Of the tools we used, we used the following:
- ClickHouse - a column database for storing user events;
- Redash - a tool for writing SQL queries and basic visualization;
- Superset - a complete BI system;
- Jupyter Lab - an environment for writing code in Python;
- GitLab - a repository for storing code;
- Airflow - a tool for automating work tasks and launching them according to the schedule.

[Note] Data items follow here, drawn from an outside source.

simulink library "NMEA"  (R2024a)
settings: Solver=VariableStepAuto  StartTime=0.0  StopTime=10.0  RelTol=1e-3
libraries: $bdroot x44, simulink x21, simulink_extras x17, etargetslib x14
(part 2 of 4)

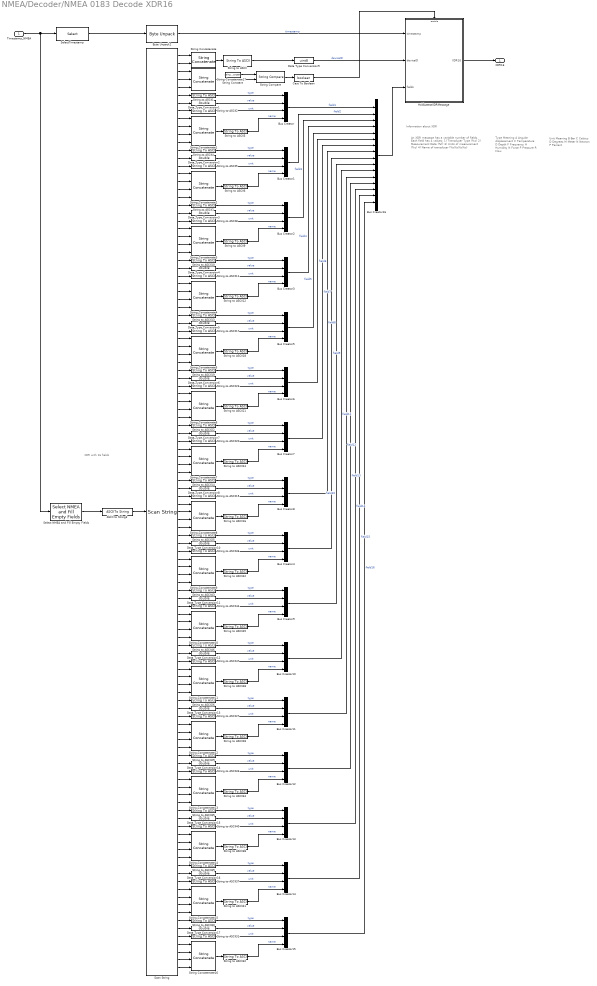
== system NMEA/Decoder/NMEA 0183 Decode XDR16 ==
  note: An XDR message has a variable number of fields.
      | Each field has 4 values:
      | 	1) Transducer Type (%c)
      | 	2) Measurement Data (%f)
      | 	3) Units of measurement (%c)
      | 	4) Name of transducer (%c%c%c%c)
  note: Type
      | Meaning
      |
      | A
      | Angular displacement
      |
      | C
      | Temperature
      |
      | D
      | Depth
      |
      | F
      | Frequency
      |
      | H
      | Humidity
      |
      | N
      | Force
      |
      | P
      | Pressure
      |
      | R
      | Flow
  note: Unit
      | Meaning
      |
      | B
      | Bar
      |
      | C
      | Celsius
      |
      | D
      | Degrees
      |
      | M
      | Meter
      |
      | N
      | Newton
      |
      | P
      | Percent
  note: Information about XDR
  note: XDR with 16 fields
  Timestamp_NMEA : Inport
  ASCII to String3 : ASCIIToString
  Bus Creator{,1..15} (16 alike) : BusCreator  Inputs=4
  Bus Creator16 : BusCreator  Inputs=16
  Byte Unpack2 : etargetslib/Byte Unpack  dimensions={1}  datatypes={'double'}  byteAlign=1
  Cast To Boolean : DataTypeConversion  OutDataTypeStr=boolean  SaturateOnIntegerOverflow=off  RndMeth=Floor
  Data Type Conversion{1..8,10..17} (16 alike) : DataTypeConversion  OutDataTypeStr=double  SaturateOnIntegerOverflow=off  RndMeth=Floor
  Data Type Conversion9 : DataTypeConversion  OutDataTypeStr=uint8  SaturateOnIntegerOverflow=off  RndMeth=Floor
  HoldLatestXDRMessage : Subsystem
  Scan String : ScanString  Format="\"$%c%c%c%c%c,%c,%lf,%c,%c%c%c%c,%c,%lf,%c,%c%c%c%c,%c,%lf,%c,%c%c%c%c,%c,%lf,%c,%c%c%c%c,%c,%lf,%c,%c%c%c%c,%c,%lf,%c,%c%c%c%c,%c,%lf,%c,%c%c%c%c,%c,%lf,%c,%c%c%c%c,%c,%lf,%c,%c%c%c%c,%c,%lf,%c,%c%c%c%c,%c,%lf,%c,%c%c%c%c,%c,%lf,%c,%c%c%c%c,%c,%lf,%c,%c%c%c%c,%c,%lf,%c,%c%c%c%c,%c,%lf,%c,%c%c%c%c,%c,%lf,%c,%c%c%c%c\""
  Select NMEA and Fill Empty Fields : $bdroot/Details/Select NMEA and Fill Empty Fields
  SelectTimestamp : Selector  IndexOptions=Index vector (dialog)  Indices=1:8  OutputSizes=1
  String Compare : StringCompare
  String Concatenate : StringConcatenate
  String Concatenate{1..16} (16 alike) : StringConcatenate  Inputs=4
  String Concatenate17 : StringConcatenate  Inputs=3
  String Constant : StringConstant  String="\"XDR\""
  String to ASCII : StringToASCII
  String to ASCII{1..2,4..5,7..8,10..11,13..15,17,19..20,22..23,25..27,29..31,33,35..37,39..40,43..44,46..47} (32 alike) : StringToASCII  OutputVectorSize=1
  String to ASCII{3,6,9,12,16,18,21,24,28,32,34,38,41..42,45,48} (16 alike) : StringToASCII  OutputVectorSize=4
  XDR16 : Outport
  wires:
  String to ASCII7/1 -> Bus Creator2/1  "type"
  Data Type Conversion3/1 -> Bus Creator2/2  "value"
  String to ASCII8/1 -> Bus Creator2/3  "unit"
  String Concatenate3/1 -> String to ASCII9/1
  String to ASCII9/1 -> Bus Creator2/4  "name"
  String to ASCII12/1 -> Bus Creator3/4  "name"
  String Concatenate4/1 -> String to ASCII12/1
  String to ASCII11/1 -> Bus Creator3/3  "unit"
  Data Type Conversion4/1 -> Bus Creator3/2  "value"
  String to ASCII10/1 -> Bus Creator3/1  "type"
  String to ASCII4/1 -> Bus Creator1/1  "type"
  Data Type Conversion2/1 -> Bus Creator1/2  "value"
  String to ASCII5/1 -> Bus Creator1/3  "unit"
  String Concatenate2/1 -> String to ASCII6/1
  String to ASCII6/1 -> Bus Creator1/4  "name"
  String to ASCII3/1 -> Bus Creator/4  "name"
  String Concatenate1/1 -> String to ASCII3/1
  String to ASCII2/1 -> Bus Creator/3  "unit"
  Data Type Conversion1/1 -> Bus Creator/2  "value"
  String to ASCII1/1 -> Bus Creator/1  "type"
  Scan String/1 -> String Concatenate/1
  Select NMEA and Fill Empty Fields/1 -> ASCII to String3/1
  SelectTimestamp/1 -> Byte Unpack2/1
  Timestamp_NMEA/1 -> Select NMEA and Fill Empty Fields/1, SelectTimestamp/1
  ASCII to String3/1 -> Scan String/1
  Scan String/2 -> String Concatenate/2
  String to ASCII13/1 -> Bus Creator5/1  "type"
  Data Type Conversion5/1 -> Bus Creator5/2  "value"
  String to ASCII17/1 -> Bus Creator5/3  "unit"
  String Concatenate5/1 -> String to ASCII18/1
  String to ASCII18/1 -> Bus Creator5/4  "name"
  String to ASCII21/1 -> Bus Creator6/4  "name"
  String Concatenate6/1 -> String to ASCII21/1
  String to ASCII23/1 -> Bus Creator6/3  "unit"
  Data Type Conversion6/1 -> Bus Creator6/2  "value"
  String to ASCII19/1 -> Bus Creator6/1  "type"
  String to ASCII14/1 -> Bus Creator8/1  "type"
  Data Type Conversion8/1 -> Bus Creator8/2  "value"
  String to ASCII15/1 -> Bus Creator8/3  "unit"
  String Concatenate8/1 -> String to ASCII16/1
  String to ASCII16/1 -> Bus Creator8/4  "name"
  String to ASCII24/1 -> Bus Creator7/4  "name"
  String Concatenate7/1 -> String to ASCII24/1
  String to ASCII20/1 -> Bus Creator7/3  "unit"
  Data Type Conversion7/1 -> Bus Creator7/2  "value"
  String to ASCII22/1 -> Bus Creator7/1  "type"
  String to ASCII/1 -> Data Type Conversion9/1
  String Concatenate/1 -> String to ASCII/1
  String to ASCII39/1 -> Bus Creator14/1  "type"
  Data Type Conversion16/1 -> Bus Creator14/2  "value"
  String to ASCII37/1 -> Bus Creator14/3  "unit"
  String Concatenate15/1 -> String to ASCII41/1
  String to ASCII41/1 -> Bus Creator14/4  "name"
  String to ASCII32/1 -> Bus Creator15/4  "name"
  String Concatenate16/1 -> String to ASCII32/1
  String to ASCII31/1 -> Bus Creator15/3  "unit"
  Data Type Conversion17/1 -> Bus Creator15/2  "value"
  String to ASCII30/1 -> Bus Creator15/1  "type"
  String to ASCII35/1 -> Bus Creator13/1  "type"
  Data Type Conversion15/1 -> Bus Creator13/2  "value"
  String to ASCII40/1 -> Bus Creator13/3  "unit"
  String Concatenate14/1 -> String to ASCII38/1
  String to ASCII38/1 -> Bus Creator13/4  "name"
  String to ASCII34/1 -> Bus Creator12/4  "name"
  String Concatenate13/1 -> String to ASCII34/1
  String to ASCII33/1 -> Bus Creator12/3  "unit"
  Data Type Conversion14/1 -> Bus Creator12/2  "value"
  String to ASCII29/1 -> Bus Creator12/1  "type"
  String to ASCII25/1 -> Bus Creator4/1  "type"
  Data Type Conversion10/1 -> Bus Creator4/2  "value"
  String to ASCII36/1 -> Bus Creator4/3  "unit"
  String Concatenate9/1 -> String to ASCII42/1
  String to ASCII42/1 -> Bus Creator4/4  "name"
  String to ASCII45/1 -> Bus Creator9/4  "name"
  String Concatenate10/1 -> String to ASCII45/1
  String to ASCII44/1 -> Bus Creator9/3  "unit"
  Data Type Conversion11/1 -> Bus Creator9/2  "value"
  String to ASCII43/1 -> Bus Creator9/1  "type"
  String to ASCII26/1 -> Bus Creator11/1  "type"
  Data Type Conversion13/1 -> Bus Creator11/2  "value"
  String to ASCII27/1 -> Bus Creator11/3  "unit"
  String Concatenate12/1 -> String to ASCII28/1
  String to ASCII28/1 -> Bus Creator11/4  "name"
  String to ASCII48/1 -> Bus Creator10/4  "name"
  String Concatenate11/1 -> String to ASCII48/1
  String to ASCII47/1 -> Bus Creator10/3  "unit"
  Data Type Conversion12/1 -> Bus Creator10/2  "value"
  String to ASCII46/1 -> Bus Creator10/1  "type"
  Scan String/3 -> String Concatenate17/1
  Scan String/4 -> String Concatenate17/2
  Scan String/5 -> String Concatenate17/3
  String Concatenate17/1 -> String Compare/2
  String Constant/1 -> String Compare/1
  String Compare/1 -> Cast To Boolean/1
  Scan String/6 -> String to ASCII1/1
  Scan String/7 -> Data Type Conversion1/1
  Scan String/8 -> String to ASCII2/1
  Scan String/9 -> String Concatenate1/1
  Scan String/10 -> String Concatenate1/2
  Scan String/11 -> String Concatenate1/3
  Scan String/12 -> String Concatenate1/4
  Scan String/13 -> String to ASCII4/1
  Scan String/14 -> Data Type Conversion2/1
  Scan String/15 -> String to ASCII5/1
  Scan String/16 -> String Concatenate2/1
  Scan String/17 -> String Concatenate2/2
  Scan String/18 -> String Concatenate2/3
  Scan String/19 -> String Concatenate2/4
  Scan String/20 -> String to ASCII7/1
  Scan String/21 -> Data Type Conversion3/1
  Scan String/22 -> String to ASCII8/1
  Scan String/23 -> String Concatenate3/1
  Scan String/24 -> String Concatenate3/2
  Scan String/25 -> String Concatenate3/3
  Scan String/26 -> String Concatenate3/4
  Scan String/27 -> String to ASCII10/1
  Scan String/28 -> Data Type Conversion4/1
  Scan String/29 -> String to ASCII11/1
  Scan String/30 -> String Concatenate4/1
  Scan String/31 -> String Concatenate4/2
  Scan String/32 -> String Concatenate4/3
  Scan String/33 -> String Concatenate4/4
  Scan String/34 -> String to ASCII13/1
  Scan String/35 -> Data Type Conversion5/1
  Scan String/36 -> String to ASCII17/1
  Scan String/37 -> String Concatenate5/1
  Scan String/38 -> String Concatenate5/2
  Scan String/39 -> String Concatenate5/3
  Scan String/40 -> String Concatenate5/4
  Scan String/41 -> String to ASCII19/1
  Scan String/42 -> Data Type Conversion6/1
  Scan String/43 -> String to ASCII23/1
  Scan String/44 -> String Concatenate6/1
  Scan String/45 -> String Concatenate6/2
  Scan String/46 -> String Concatenate6/3
  Scan String/47 -> String Concatenate6/4
  Scan String/48 -> String to ASCII22/1
  Scan String/49 -> Data Type Conversion7/1
  Scan String/50 -> String to ASCII20/1
  Scan String/51 -> String Concatenate7/1
  Scan String/52 -> String Concatenate7/2
  Scan String/53 -> String Concatenate7/3
  Scan String/54 -> String Concatenate7/4
  Scan String/55 -> String to ASCII14/1
  Scan String/56 -> Data Type Conversion8/1
  Scan String/57 -> String to ASCII15/1
  Scan String/58 -> String Concatenate8/1
  Scan String/59 -> String Concatenate8/2
  Scan String/60 -> String Concatenate8/3
  Scan String/61 -> String Concatenate8/4
  Scan String/62 -> String to ASCII25/1
  Scan String/63 -> Data Type Conversion10/1
  Scan String/64 -> String to ASCII36/1
  Scan String/65 -> String Concatenate9/1
  Scan String/66 -> String Concatenate9/2
  Scan String/67 -> String Concatenate9/3
  Scan String/68 -> String Concatenate9/4
  Scan String/69 -> String to ASCII43/1
  Scan String/70 -> Data Type Conversion11/1
  Scan String/71 -> String to ASCII44/1
  Scan String/72 -> String Concatenate10/1
  Scan String/73 -> String Concatenate10/2
  Scan String/74 -> String Concatenate10/3
  Scan String/75 -> String Concatenate10/4
  Scan String/76 -> String to ASCII46/1
  Scan String/77 -> Data Type Conversion12/1
  Scan String/78 -> String to ASCII47/1
  Scan String/79 -> String Concatenate11/1
  Scan String/80 -> String Concatenate11/2
  Scan String/81 -> String Concatenate11/3
  Scan String/82 -> String Concatenate11/4
  Scan String/83 -> String to ASCII26/1
  Scan String/84 -> Data Type Conversion13/1
  Scan String/85 -> String to ASCII27/1
  Scan String/86 -> String Concatenate12/1
  Scan String/87 -> String Concatenate12/2
  Scan String/88 -> String Concatenate12/3
  Scan String/89 -> String Concatenate12/4
  Scan String/90 -> String to ASCII29/1
  Scan String/91 -> Data Type Conversion14/1
  Scan String/92 -> String to ASCII33/1
  Scan String/93 -> String Concatenate13/1
  Scan String/94 -> String Concatenate13/2
  Scan String/95 -> String Concatenate13/3
  Scan String/96 -> String Concatenate13/4
  Scan String/97 -> String to ASCII35/1
  Scan String/98 -> Data Type Conversion15/1
  Scan String/99 -> String to ASCII40/1
  Scan String/100 -> String Concatenate14/1
  Scan String/101 -> String Concatenate14/2
  Scan String/102 -> String Concatenate14/3
  Scan String/103 -> String Concatenate14/4
  Scan String/104 -> String to ASCII39/1
  Scan String/105 -> Data Type Conversion16/1
  Scan String/106 -> String to ASCII37/1
  Scan String/107 -> String Concatenate15/1
  Scan String/108 -> String Concatenate15/2
  Scan String/109 -> String Concatenate15/3
  Scan String/110 -> String Concatenate15/4
  Scan String/111 -> String to ASCII30/1
  Scan String/112 -> Data Type Conversion17/1
  Scan String/113 -> String to ASCII31/1
  Scan String/114 -> String Concatenate16/1
  Scan String/115 -> String Concatenate16/2
  Scan String/116 -> String Concatenate16/3
  Scan String/117 -> String Concatenate16/4
  Bus Creator9/1 -> Bus Creator16/10  "field10"
  Bus Creator4/1 -> Bus Creator16/9  "field9"
  Bus Creator10/1 -> Bus Creator16/11  "field11"
  Bus Creator8/1 -> Bus Creator16/8  "field8"
  Bus Creator11/1 -> Bus Creator16/12  "field12"
  Bus Creator7/1 -> Bus Creator16/7  "field7"
  Bus Creator12/1 -> Bus Creator16/13  "field13"
  Bus Creator6/1 -> Bus Creator16/6  "field6"
  Bus Creator13/1 -> Bus Creator16/14  "field14"
  Bus Creator5/1 -> Bus Creator16/5  "field5"
  Bus Creator14/1 -> Bus Creator16/15  "field15"
  Bus Creator3/1 -> Bus Creator16/4  "field4"
  Bus Creator15/1 -> Bus Creator16/16  "field16"
  Bus Creator2/1 -> Bus Creator16/3  "field3"
  Bus Creator1/1 -> Bus Creator16/2  "field2"
  Bus Creator/1 -> Bus Creator16/1  "field1"
  Bus Creator16/1 -> HoldLatestXDRMessage/3(fields)
  Data Type Conversion9/1 -> HoldLatestXDRMessage/2(deviceID)  "deviceID"
  Byte Unpack2/1 -> HoldLatestXDRMessage/1(timestamp)  "timestamp"
  Cast To Boolean/1 -> HoldLatestXDRMessage/Enable
  HoldLatestXDRMessage/1(XDR16) -> XDR16/1

== system NMEA/Decoder/NMEA 0183 Decode ZDA ==
  Timestamp_NMEA : Inport
  ASCII to String3 : ASCIIToString
  Byte Unpack2 : etargetslib/Byte Unpack  dimensions={1}  datatypes={'double'}  byteAlign=1
  Compare To Constant : simulink/Logic and Bit Operations/Compare To Constant  relop===  const=uint8(42)  OutDataTypeStr=boolean
  DecodeMessage : Subsystem  TreatAsAtomicUnit=on
  Scan String : ScanString  Format="\"$%c%cZDA,%02u%02u%lf,%02u,%02u,%u,%02u,%02u%c\""
  Select NMEA and Fill Empty Fields : $bdroot/Details/Select NMEA and Fill Empty Fields
  SelectTimestamp : Selector  IndexOptions=Index vector (dialog)  Indices=1:8  OutputSizes=1
  String Concatenate : StringConcatenate
  String to ASCII : StringToASCII  OutputVectorSize=1
  ZDA : Outport
  wires:
  Compare To Constant/1 -> DecodeMessage/Enable
  Scan String/2 -> String Concatenate/2
  String Concatenate/1 -> DecodeMessage/2(strID)
  ASCII to String3/1 -> Scan String/1
  Timestamp_NMEA/1 -> Select NMEA and Fill Empty Fields/1, SelectTimestamp/1
  DecodeMessage/1(ZDA) -> ZDA/1
  Byte Unpack2/1 -> DecodeMessage/1(timestamp)  "timestamp"
  Scan String/11 -> String to ASCII/1
  SelectTimestamp/1 -> Byte Unpack2/1
  String to ASCII/1 -> Compare To Constant/1
  Select NMEA and Fill Empty Fields/1 -> ASCII to String3/1
  Scan String/1 -> String Concatenate/1
  Scan String/3 -> DecodeMessage/3(utcHour)
  Scan String/4 -> DecodeMessage/4(utcMinute)
  Scan String/5 -> DecodeMessage/5(utcSecond)
  Scan String/6 -> DecodeMessage/6(utcDay)
  Scan String/7 -> DecodeMessage/7(utcMonth)
  Scan String/8 -> DecodeMessage/8(utcYear)
  Scan String/9 -> DecodeMessage/9(localTimeZoneOffsetFromGMTHour)
  Scan String/10 -> DecodeMessage/10(localTimeZoneOffsetFromGMTMinute)

== system NMEA/Details/Append CR LF ==
  bytesIn : Inport  OutDataTypeStr=uint8
  lengthIn : Inport  Port=2  OutDataTypeStr=uint32  PortDimensions=1
  Assignment : Assignment  DiagnosticForDimensions=Warning  IndexOptions=Index vector (port)  Indices=1  OutputSizes=1
  Bias : Bias  Bias=int32(1)  SaturateOnIntegerOverflow=off
  Bias1 : Bias  Bias=int32(2)  SaturateOnIntegerOverflow=off
  Bias2 : Bias  Bias=uint32(2)  SaturateOnIntegerOverflow=off
  Compare To Constant : simulink/Logic and Bit Operations/Compare To Constant  relop=>  const=int32(1)  OutDataTypeStr=boolean
  Constant : Constant  Value=int32(1)
  Constant81 : Constant  Value=int32(1)
  Constant82 : Constant  Value=uint8(13)
  Constant83 : Constant  Value=uint8(10)
  Data Type Conversion : DataTypeConversion  OutDataTypeStr=int32  SaturateOnIntegerOverflow=off  RndMeth=Floor
  Mux{,1..3} (4 alike) : Mux  Inputs=2
  Selector : Selector  IndexOptions=Index vector (dialog)  Indices=1  OutputSizes=1
  Selector1 : Selector  IndexOptions=Index vector (dialog)  Indices=2  OutputSizes=1
  Sum : Sum  Inputs=|+-
  Switch : Switch  Criteria=u2 > Threshold  SaturateOnIntegerOverflow=off  InputSameDT=off
  Switch1 : Switch  Criteria=u2 > Threshold  SaturateOnIntegerOverflow=off  InputSameDT=off
  Switch2 : Switch  Criteria=u2 > Threshold  SaturateOnIntegerOverflow=off  InputSameDT=off
  Width : Width  DataType=int32
  bytesOut : Outport  OutDataTypeStr=uint8
  lengthOut : Outport  Port=2  OutDataTypeStr=uint32
  wires:
  Bias1/1 -> Mux/2
  Width/1 -> Sum/1
  Bias2/1 -> Switch2/1
  Constant/1 -> Mux1/1
  Compare To Constant/1 -> Switch2/2, Switch/2, Switch1/2
  Bias/1 -> Mux/1
  Mux3/1 -> Switch1/3
  lengthIn/1 -> Switch2/3, Bias2/1, Data Type Conversion/1
  Data Type Conversion/1 -> Bias1/1, Bias/1, Sum/2
  Mux/1 -> Switch/1
  bytesIn/1 -> Assignment/1, Selector1/1, Selector/1, Width/1
  Sum/1 -> Compare To Constant/1
  Mux2/1 -> Switch1/1
  Constant81/1 -> Mux1/2
  Constant82/1 -> Mux2/1
  Switch1/1 -> Assignment/2
  Switch/1 -> Assignment/3
  Mux1/1 -> Switch/3
  Selector/1 -> Mux3/1
  Selector1/1 -> Mux3/2
  Constant83/1 -> Mux2/2
  Assignment/1 -> bytesOut/1
  Switch2/1 -> lengthOut/1

== system NMEA/Details/Ensure Positive Angle ==
  x : Inport  OutDataTypeStr=double  Unit=rad
  Positive Angle : MATLAB Function  TreatAsAtomicUnit=on
  y : Outport  OutDataTypeStr=double  Unit=rad
  wires:
  Positive Angle/1(y) -> y/1
  x/1 -> Positive Angle/1(x)

== system NMEA/Details/Ensure Symmetrical Angle ==
  x : Inport  OutDataTypeStr=double  Unit=rad
  Symmetrical Angle : MATLAB Function  TreatAsAtomicUnit=on
  y : Outport  OutDataTypeStr=double  Unit=rad
  wires:
  x/1 -> Symmetrical Angle/1(x)
  Symmetrical Angle/1(y) -> y/1

== system NMEA/Details/NMEA Checksum Message ==
  note: Add checksum (output buffer size: 128)
  note: NMEA String including $ and *
  nmeaString : Inport
  MATLAB Function : MATLAB Function  TreatAsAtomicUnit=on
  bytes : Outport  OutDataTypeStr=uint8
  length : Outport  Port=2  OutDataTypeStr=uint32  PortDimensions=1
  wires:
  MATLAB Function/2(len) -> length/1
  MATLAB Function/1(bytes) -> bytes/1
  nmeaString/1 -> MATLAB Function/1(nmeaData)

== system NMEA/Details/NMEA Checksum Test ==
  bytes : Inport  OutDataTypeStr=uint8
  length : Inport  Port=2  OutDataTypeStr=uint32  PortDimensions=1
  MATLAB Function : MATLAB Function  TreatAsAtomicUnit=on
  isCorrect : Outport  OutDataTypeStr=boolean  PortDimensions=1
  wires:
  MATLAB Function/1(isCorrect) -> isCorrect/1
  bytes/1 -> MATLAB Function/1(bytes)
  length/1 -> MATLAB Function/2(len)

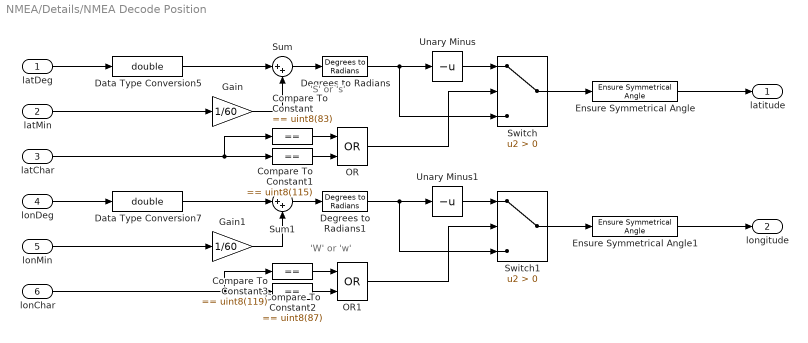
== system NMEA/Details/NMEA Decode Position ==
  note: 'S' or 's'
  note: 'W' or 'w'
  latDeg : Inport  OutDataTypeStr=uint32  Unit=deg  PortDimensions=1
  latMin : Inport  Port=2  OutDataTypeStr=double  Unit=min  PortDimensions=1
  latChar : Inport  Port=3  OutDataTypeStr=uint8  PortDimensions=1
  lonDeg : Inport  Port=4  OutDataTypeStr=uint32  Unit=deg  PortDimensions=1
  lonMin : Inport  Port=5  OutDataTypeStr=double  Unit=min  PortDimensions=1
  lonChar : Inport  Port=6  OutDataTypeStr=uint8  PortDimensions=1
  Compare To Constant : simulink/Logic and Bit Operations/Compare To Constant  relop===  const=uint8(83)  OutDataTypeStr=boolean
  Compare To Constant1 : simulink/Logic and Bit Operations/Compare To Constant  relop===  const=uint8(115)  OutDataTypeStr=boolean
  Compare To Constant2 : simulink/Logic and Bit Operations/Compare To Constant  relop===  const=uint8(87)  OutDataTypeStr=boolean
  Compare To Constant3 : simulink/Logic and Bit Operations/Compare To Constant  relop===  const=uint8(119)  OutDataTypeStr=boolean
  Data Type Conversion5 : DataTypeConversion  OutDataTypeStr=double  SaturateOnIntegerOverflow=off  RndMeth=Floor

We were given a database with two tables: feed_actions and message_actions. As it is clear from their names - the first one contained information about users (columns - user_id, post_id, action, time, gender, age, country, city, os, source, exp_group ), and the second - about user interaction (columns - user_id, reciever_id, time, source, exp_group, gender, age, country, city, os).
Our first step is to create dashboards, from which we can already visually do the first analysis of our data and present it to our colleagues. As I showed above, we did it in Superset, but you can easily adapt it to other BI systems.
The first dashboard will be called Newsfeed - basic.
We will start to fill it with graphs. So click on the plus sign in the upper right corner and you will see a menu. From it select the chart.
Next, go to the window where we need to select the table for analysis and type of chart. Usually for the analyst it is necessary to study the changes in the data over time. As they said in the lectures - it’s important for the analyst to answer the first question - ”How much?” To do this, you can use metrics of user activity for a specific period: per day (daily active users - DAU), per week (weekly active users - WAU) or per month (monthly active users - MAU). That’s why we choose: Evolution - Line Chart and click in the lower right corner create new chart.
After that, we get to the window of work with the schedule, which is typical for many BI systems:
In the Time range floor we click on no filter. We choose the previous.
In the second step, we select the previous month and press apply.
To calculate, go to the metrics field, go to the simple tab, select the user_id column and for count_dictinct and click save.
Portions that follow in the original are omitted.